▶ [Instructions for the task] Using the listing below, set down exactly the lines starting at the line that contains "# 草图1 → 凸台-拉伸1 (new body)" and ending at the line that contains "Line((-3.5, -23), (-3.5, -19))", both included, and no others.
◆ ◆ ◆ ◆ ◆ ◆ ◆
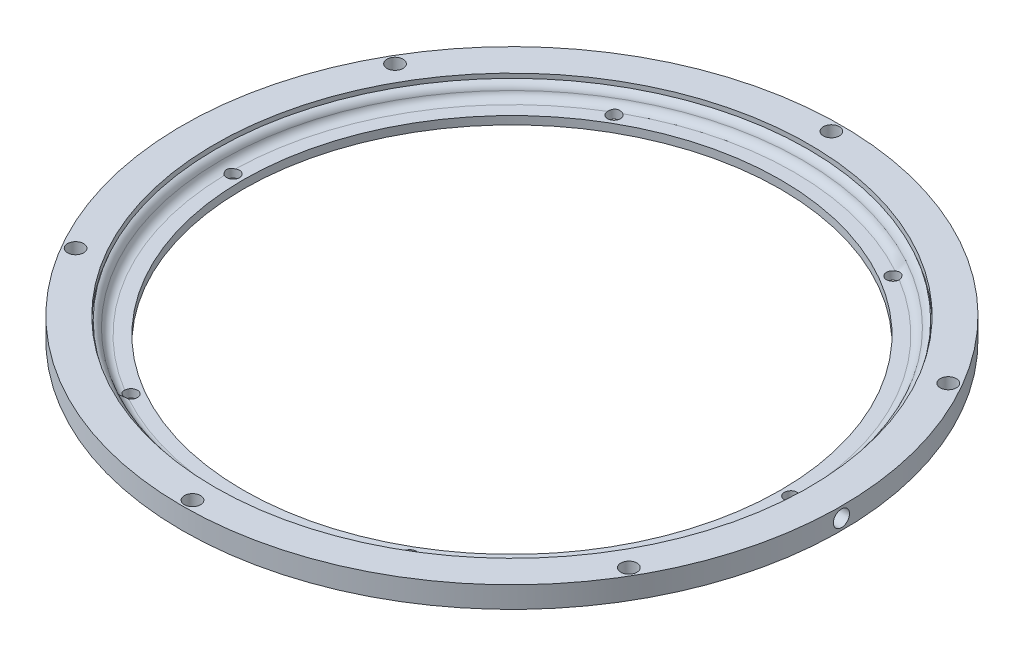
from build123d import *

# Parameters (mm, degrees)
CUT_EXTRUDE1_REACH            = 232.134
CUT_EXTRUDE1_END_MAJOR_RADIUS = 139.0875
CUT_EXTRUDE1_END_MINOR_RADIUS = 7.978855898
CIRPATTERN1_COUNT             = 6
CUT_EXTRUDE2_DEPTH            = 10
CIRPATTERN2_COUNT             = 6
SKETCH5_R                     = 3.175
CUT_EXTRUDE3_DEPTH            = 230.956573428
CIRPATTERN3_COUNT             = 6
SKETCH8_W                     = 9
SKETCH8_H                     = 10
REVOLVE3_ANGLE                = 5
SKETCH7_W                     = 14.5
SKETCH7_H                     = 3.96875
SKETCH9_R                     = 3.96875
CUT_EXTRUDE4_DEPTH            = 231.13423242
CIRPATTERN4_COUNT             = 6


with BuildPart() as part:
    # Sketch1 → Revolve2 (revolve)
    with BuildSketch(Plane.XY, mode=Mode.PRIVATE) as revolve2_sk:
        with BuildLine():
            Line((162.5, 12.2174), (162.5, 1.695399962))
            Line((162.5, 1.695399962), (149.5, 1.695399962))
            Line((149.5, 1.695399962), (149.5, 3.733424016))
            ThreePointArc((149.5, 3.733424016), (150.206637091, 7.634268042), (146.5, 9.040241574))
            Line((146.5, 9.040241574), (146.5, 12.2174))
            Line((146.5, 12.2174), (162.5, 12.2174))
        make_face()
        with BuildLine():
            Line((132.516, 0), (148, 0))
            Line((148, 0), (148, 3.047991585))
            ThreePointArc((148, 3.047991585), (144.579009367, 5.093311468), (146, 8.817193308))
            Line((146, 8.817193308), (146, 10.348503769))
            ThreePointArc((146, 10.348503769), (144.168282254, 9.12470487), (143.136921458, 7.178126191))
            ThreePointArc((143.136921458, 7.178126191), (141.661324986, 4.889407097), (139.0875, 4))
            Line((139.0875, 4), (132.516, 4))
            Line((132.516, 4), (132.516, 0))
        make_face()
    revolve(revolve2_sk.sketch.rotate(Axis((0, 8.550989641, 0), (0, -1, 0)), 90), axis=Axis((0, 8.550989641, 0), (0, -1, 0)))

    # Cut-Extrude1: up to this torus (the profile starts outside it)
    cut_extrude1_end = Plane(origin=(0, 8.168855898, 0), z_dir=(0, 1, 0)) * Torus(CUT_EXTRUDE1_END_MAJOR_RADIUS, CUT_EXTRUDE1_END_MINOR_RADIUS, mode=Mode.PRIVATE)
    # Sketch2 → Cut-Extrude1 (cut, up to the surface)
    with BuildSketch(Plane.XZ, mode=Mode.PRIVATE) as cut_extrude1_sk1:
        with BuildLine():
            ThreePointArc((75.01090718, -111.6598319), (116.494273215, -67.258), (134.205704598, -9.131435229))
            ThreePointArc((134.205704598, -9.131435229), (137.385386013, -6.356883356), (140.159937887, -9.536564771))
            ThreePointArc((140.159937887, -9.536564771), (121.662712825, -70.242), (78.3388763, -116.613784417))
            ThreePointArc((78.3388763, -116.613784417), (74.197915482, -115.800792718), (75.01090718, -111.6598319))
        make_face()
    cut_extrude1_tool1 = extrude(cut_extrude1_sk1.sketch, amount=-CUT_EXTRUDE1_REACH, mode=Mode.PRIVATE) - cut_extrude1_end
    cut_extrude1 = cut_extrude1_tool1.solids().sort_by_distance((120.543923, 0, -69.596066))[0]
    add(cut_extrude1, mode=Mode.SUBTRACT)

    # CirPattern1: Cut-Extrude1 ×6 about axis
    cirpattern1_axis = Axis((0, 0, 0), (0, 1, 0))
    for i in range(1, CIRPATTERN1_COUNT):
        add(cut_extrude1.rotate(cirpattern1_axis, i * 360 / CIRPATTERN1_COUNT), mode=Mode.SUBTRACT)

    # Sketch3 → Cut-Extrude2 (cut)
    with BuildSketch(Plane.XZ.offset(-1.695399962)):
        with BuildLine():
            Line((142.795745107, 73.277726353), (134.991399074, 68.77188507))
            ThreePointArc((134.991399074, 68.77188507), (151.5, 0), (134.991399074, -68.77188507))
            Line((134.991399074, -68.77188507), (142.795745107, -73.277726353))
            ThreePointArc((142.795745107, -73.277726353), (160.5, 0), (142.795745107, 73.277726353))
        make_face()
    cut_extrude2 = extrude(amount=-CUT_EXTRUDE2_DEPTH, mode=Mode.SUBTRACT)

    # CirPattern2: Cut-Extrude2 ×6 about axis
    cirpattern2_axis = Axis((0, 0, 0), (0, 1, 0))
    for i in range(1, CIRPATTERN2_COUNT):
        add(cut_extrude2.rotate(cirpattern2_axis, i * 360 / CIRPATTERN2_COUNT), mode=Mode.SUBTRACT)

    # Sketch5 → Cut-Extrude3 (cut, symmetric)
    with BuildSketch(Plane(origin=(0, 4, 0), x_dir=(-1, 0, 0), z_dir=(0, 1, 0))):
        with Locations(Location((-68.75, -119.07849302, 0), (0, 0, 90))):
            Circle(SKETCH5_R)
    cut_extrude3 = extrude(amount=CUT_EXTRUDE3_DEPTH, both=True, mode=Mode.SUBTRACT)

    # CirPattern3: Cut-Extrude3 ×6 about axis
    cirpattern3_axis = Axis((0, 0, 0), (0, 1, 0))
    for i in range(1, CIRPATTERN3_COUNT):
        add(cut_extrude3.rotate(cirpattern3_axis, i * 360 / CIRPATTERN3_COUNT), mode=Mode.SUBTRACT)

    # Sketch8 → Revolve3 (revolve, symmetric)
    with BuildSketch(Plane.XY) as revolve3_sk:
        with Locations((156, 6.695399962)):
            Rectangle(SKETCH8_W, SKETCH8_H)
    revolve(axis=Axis((0, 29.518266566, 0), (0, -1, 0)), revolution_arc=REVOLVE3_ANGLE / 2)
    revolve(revolve3_sk.sketch, axis=Axis((0, 29.518266566, 0), (0, 1, 0)), revolution_arc=REVOLVE3_ANGLE / 2)

    # Sketch7 → Cut-Revolve3 (revolve, cut)
    with BuildSketch(Plane.XY, mode=Mode.PRIVATE) as cut_revolve3_sk:
        with Locations((155.25, 8.940774981)):
            Rectangle(SKETCH7_W, SKETCH7_H)
    revolve(cut_revolve3_sk.sketch.rotate(Axis((162.5, 6.956399981, 0), (1, 0, 0)), 180), axis=Axis((162.5, 6.956399981, 0), (1, 0, 0)), mode=Mode.SUBTRACT)

    # Sketch9 → Cut-Extrude4 (cut, through all)
    with BuildSketch(Plane(origin=(0, 12.2174, 0), x_dir=(-1, 0, 0), z_dir=(0, 1, 0))):
        with Locations(Location((-136.399001096, -78.75, 0), (0, 0, 90))):
            Circle(SKETCH9_R)
    cut_extrude4 = extrude(amount=-CUT_EXTRUDE4_DEPTH, mode=Mode.SUBTRACT)

    # CirPattern4: Cut-Extrude4 ×6 about axis
    cirpattern4_axis = Axis((0, 0, 0), (0, 1, 0))
    for i in range(1, CIRPATTERN4_COUNT):
        add(cut_extrude4.rotate(cirpattern4_axis, i * 360 / CIRPATTERN4_COUNT), mode=Mode.SUBTRACT)


solid = part.part
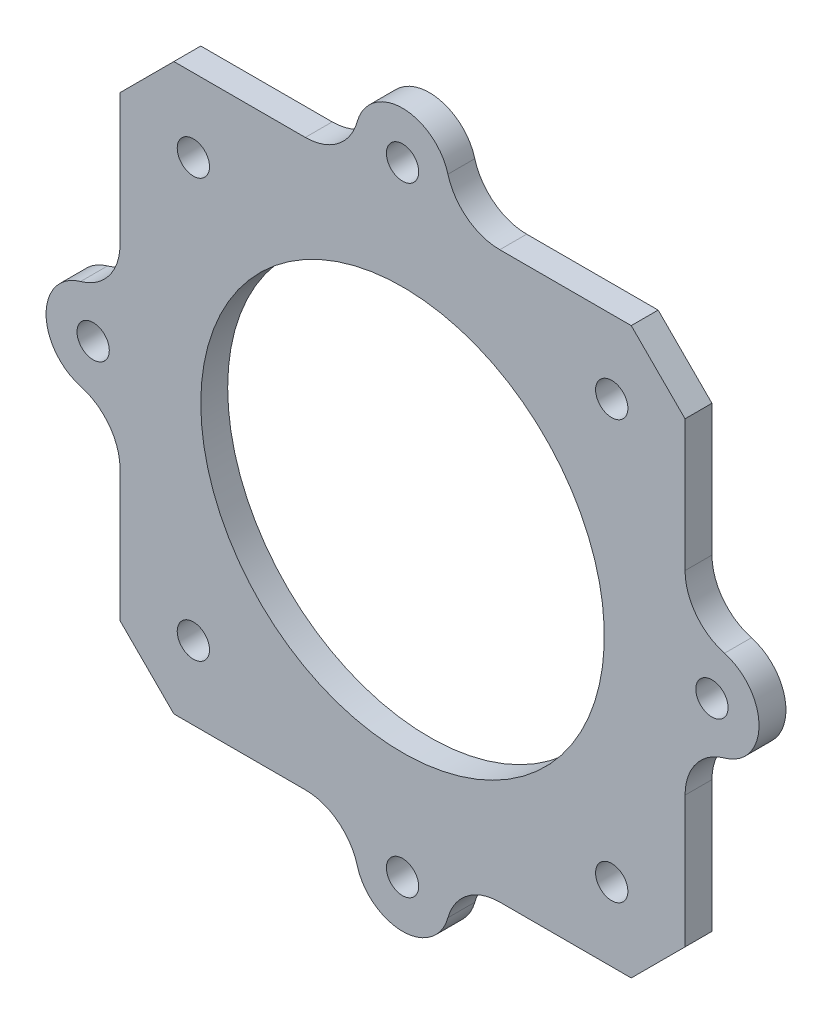
from build123d import *

# Parameters (mm, degrees)
SKETCH_1_W          = 42
SKETCH_1_H          = 42
EXTRUDE_1_DEPTH     = 2
CHAMFER_1_SIZE      = 4
SKETCH_2_R          = 1.2
CUT_EXTRUDE_1_DEPTH = 2.5
SKETCH_3_R          = 15
CUT_EXTRUDE_2_DEPTH = 2.5
SKETCH_4_R          = 1.2
EXTRUDE_2_DEPTH     = 2
FILLET_1_R          = 4


with BuildPart() as part:
    # 草图1 → 凸台-拉伸1 (new body)
    with BuildSketch(Plane.XY):
        Rectangle(SKETCH_1_W, SKETCH_1_H)
    extrude(amount=EXTRUDE_1_DEPTH)

    # 倒角1
    chamfer_1_edges = [part.edges().sort_by_distance(p)[0] for p in [
        (21, -21, 1),
        (-21, -21, 1),
        (-21, 21, 1),
        (21, 21, 1),
    ]]
    chamfer(chamfer_1_edges, length=CHAMFER_1_SIZE)

    # 草图2 → 切除-拉伸1 (cut)
    with BuildSketch(Plane(origin=(0, 0, 0), x_dir=(-1, 0, 0), z_dir=(0, 0, -1))):
        with Locations((-15.55, 15.55)):
            Circle(SKETCH_2_R)
        with Locations((15.55, 15.55)):
            Circle(SKETCH_2_R)
        with Locations((15.55, -15.55)):
            Circle(SKETCH_2_R)
        with Locations((-15.55, -15.55)):
            Circle(SKETCH_2_R)
    extrude(amount=-CUT_EXTRUDE_1_DEPTH, mode=Mode.SUBTRACT)

    # 草图3 → 切除-拉伸2 (cut)
    with BuildSketch(Plane(origin=(0, 0, 0), x_dir=(-1, 0, 0), z_dir=(0, 0, -1))):
        Circle(SKETCH_3_R)
    extrude(amount=-CUT_EXTRUDE_2_DEPTH, mode=Mode.SUBTRACT)

    # 草图4 → 凸台-拉伸2 (add)
    with BuildSketch(Plane.XY):
        with BuildLine():
            Line((3.5, 23), (3.5, 19))
            Line((3.5, 19), (-3.5, 19))
            Line((-3.5, 19), (-3.5, 23))
            ThreePointArc((-3.5, 23), (0, 26.5), (3.5, 23))
        make_face()
        with Locations((0, 23)):
            Circle(SKETCH_4_R, mode=Mode.SUBTRACT)
        with BuildLine():
            ThreePointArc((3.5, -23), (0, -26.5), (-3.5, -23))
            Line((-3.5, -23), (-3.5, -19))
            Line((-3.5, -19), (3.5, -19))
            Line((3.5, -19), (3.5, -23))
        make_face()
        with Locations((0, -23)):
            Circle(SKETCH_4_R, mode=Mode.SUBTRACT)
        with BuildLine():
            ThreePointArc((-23, -3.5), (-26.5, 0), (-23, 3.5))
            Line((-23, 3.5), (-19, 3.5))
            Line((-19, 3.5), (-19, -3.5))
            Line((-19, -3.5), (-23, -3.5))
        make_face()
        with Locations((-23, 0)):
            Circle(SKETCH_4_R, mode=Mode.SUBTRACT)
        with BuildLine():
            Line((19, -3.5), (23, -3.5))
            ThreePointArc((23, -3.5), (26.5, 0), (23, 3.5))
            Line((23, 3.5), (19, 3.5))
            Line((19, 3.5), (19, -3.5))
        make_face()
        with Locations((23, 0)):
            Circle(SKETCH_4_R, mode=Mode.SUBTRACT)
    extrude(amount=EXTRUDE_2_DEPTH)

    # 圆角1
    fillet_1_edges = [part.edges().sort_by_distance(p)[0] for p in [
        (-21, 3.5, 1),
        (-21, -3.5, 1),
        (-3.5, -21, 1),
        (3.5, -21, 1),
        (21, -3.5, 1),
        (21, 3.5, 1),
        (3.5, 21, 1),
        (-3.5, 21, 1),
    ]]
    fillet(fillet_1_edges, radius=FILLET_1_R)


solid = part.part
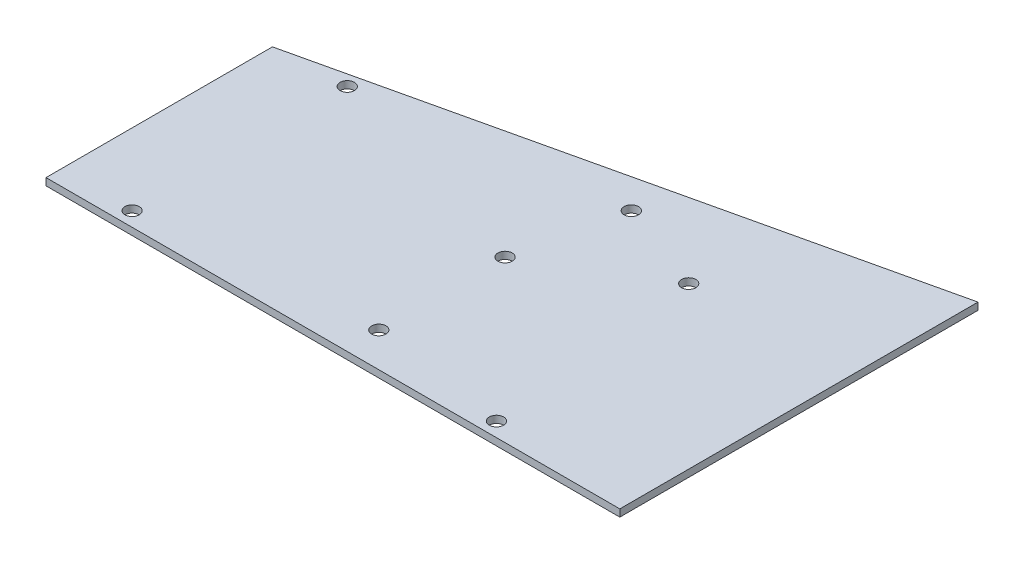
from build123d import *

# Parameters (mm, degrees)
BOSS_EXTRUDE1_DEPTH = 1.5875
SKETCH2_R           = 1.5875
CUT_EXTRUDE1_DEPTH  = 2.5875


with BuildPart() as part:
    # Sketch1 → Boss-Extrude1 (new body)
    with BuildSketch(Plane(origin=(0, 0, 0), x_dir=(1, 0, 0), z_dir=(0, 1, 0))):
        Polygon((-34.11142792, 39.404580528), (-34.11142792, -10.709619472), (92.88857208, -10.709619472), (92.88857208, 68.563780528), align=None)
    extrude(amount=BOSS_EXTRUDE1_DEPTH)

    # Sketch2 → Cut-Extrude1 (cut, through all)
    with BuildSketch(Plane(origin=(0, 1.5875, 0), x_dir=(1, 0, 0), z_dir=(0, 1, 0))):
        with Locations((-18.23642792, 40.090380528)):
            Circle(SKETCH2_R)
        with Locations((-18.23642792, -7.534619472)):
            Circle(SKETCH2_R)
        with Locations((37.00857208, 47.710380528)):
            Circle(SKETCH2_R)
        with Locations((31.92857208, -3.089619472)):
            Circle(SKETCH2_R)
        with Locations((31.92857208, 24.850380528)):
            Circle(SKETCH2_R)
        with Locations((57.32857208, 40.090380528)):
            Circle(SKETCH2_R)
        with Locations((62.40857208, -7.534619472)):
            Circle(SKETCH2_R)
    extrude(amount=-CUT_EXTRUDE1_DEPTH, mode=Mode.SUBTRACT)


solid = part.part
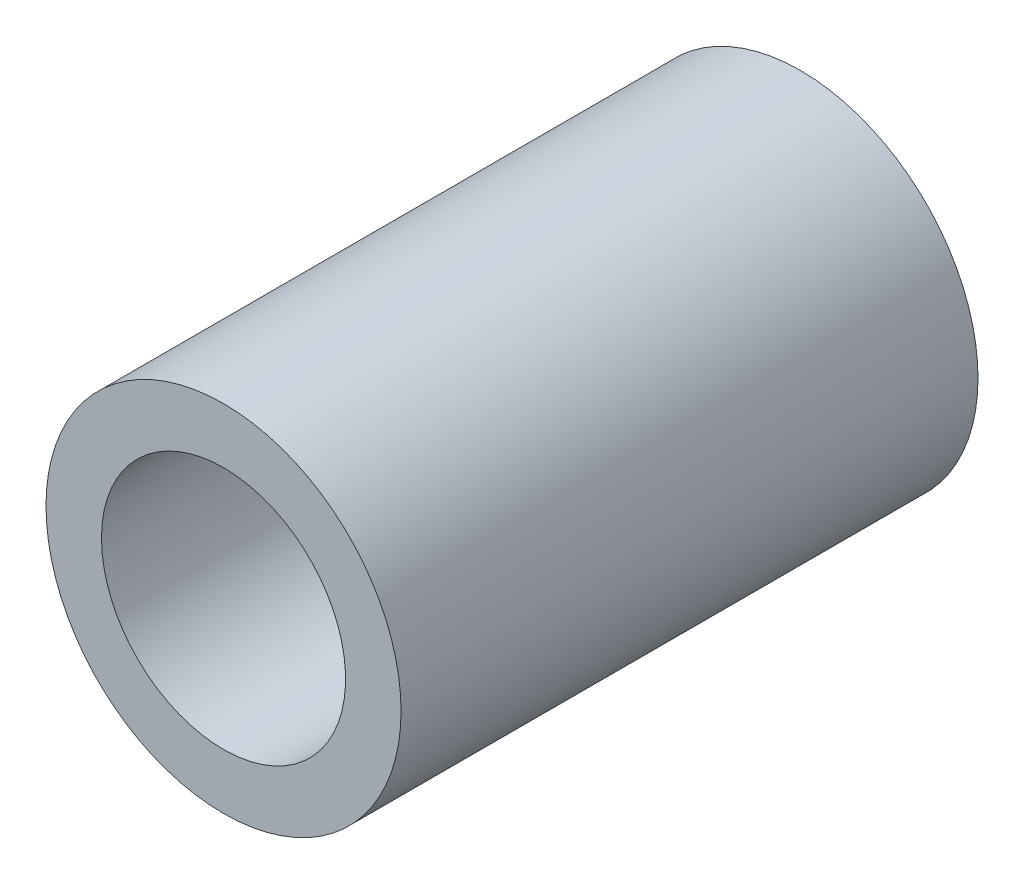
from build123d import *

# Parameters (mm, degrees)
SKETCH1_R           = 16
BOSS_EXTRUDE1_DEPTH = 52
SKETCH2_R           = 11
CUT_EXTRUDE1_DEPTH  = 52


with BuildPart() as part:
    # Sketch1 → Boss-Extrude1 (new body)
    with BuildSketch(Plane.XY):
        Circle(SKETCH1_R)
    extrude(amount=BOSS_EXTRUDE1_DEPTH)

    # Sketch2 → Cut-Extrude1 (cut)
    with BuildSketch(Plane(origin=(0, 0, 0), x_dir=(-1, 0, 0), z_dir=(0, 0, -1))):
        Circle(SKETCH2_R)
    extrude(amount=-CUT_EXTRUDE1_DEPTH, mode=Mode.SUBTRACT)


solid = part.part
◆ ◆ ◆ ◆ ◆ ◆ ◆
▶ [Task output]
    # 草图1 → 凸台-拉伸1 (new body)
    with BuildSketch(Plane.XY):
        Rectangle(SKETCH_1_W, SKETCH_1_H)
    extrude(amount=EXTRUDE_1_DEPTH)

    # 倒角1
    chamfer_1_edges = [part.edges().sort_by_distance(p)[0] for p in [
        (21, -21, 1),
        (-21, -21, 1),
        (-21, 21, 1),
        (21, 21, 1),
    ]]
    chamfer(chamfer_1_edges, length=CHAMFER_1_SIZE)

    # 草图2 → 切除-拉伸1 (cut)
    with BuildSketch(Plane(origin=(0, 0, 0), x_dir=(-1, 0, 0), z_dir=(0, 0, -1))):
        with Locations((-15.55, 15.55)):
            Circle(SKETCH_2_R)
        with Locations((15.55, 15.55)):
            Circle(SKETCH_2_R)
        with Locations((15.55, -15.55)):
            Circle(SKETCH_2_R)
        with Locations((-15.55, -15.55)):
            Circle(SKETCH_2_R)
    extrude(amount=-CUT_EXTRUDE_1_DEPTH, mode=Mode.SUBTRACT)

    # 草图3 → 切除-拉伸2 (cut)
    with BuildSketch(Plane(origin=(0, 0, 0), x_dir=(-1, 0, 0), z_dir=(0, 0, -1))):
        Circle(SKETCH_3_R)
    extrude(amount=-CUT_EXTRUDE_2_DEPTH, mode=Mode.SUBTRACT)

    # 草图4 → 凸台-拉伸2 (add)
    with BuildSketch(Plane.XY):
        with BuildLine():
            Line((3.5, 23), (3.5, 19))
            Line((3.5, 19), (-3.5, 19))
            Line((-3.5, 19), (-3.5, 23))
            ThreePointArc((-3.5, 23), (0, 26.5), (3.5, 23))
        make_face()
        with Locations((0, 23)):
            Circle(SKETCH_4_R, mode=Mode.SUBTRACT)
        with BuildLine():
            ThreePointArc((3.5, -23), (0, -26.5), (-3.5, -23))
            Line((-3.5, -23), (-3.5, -19))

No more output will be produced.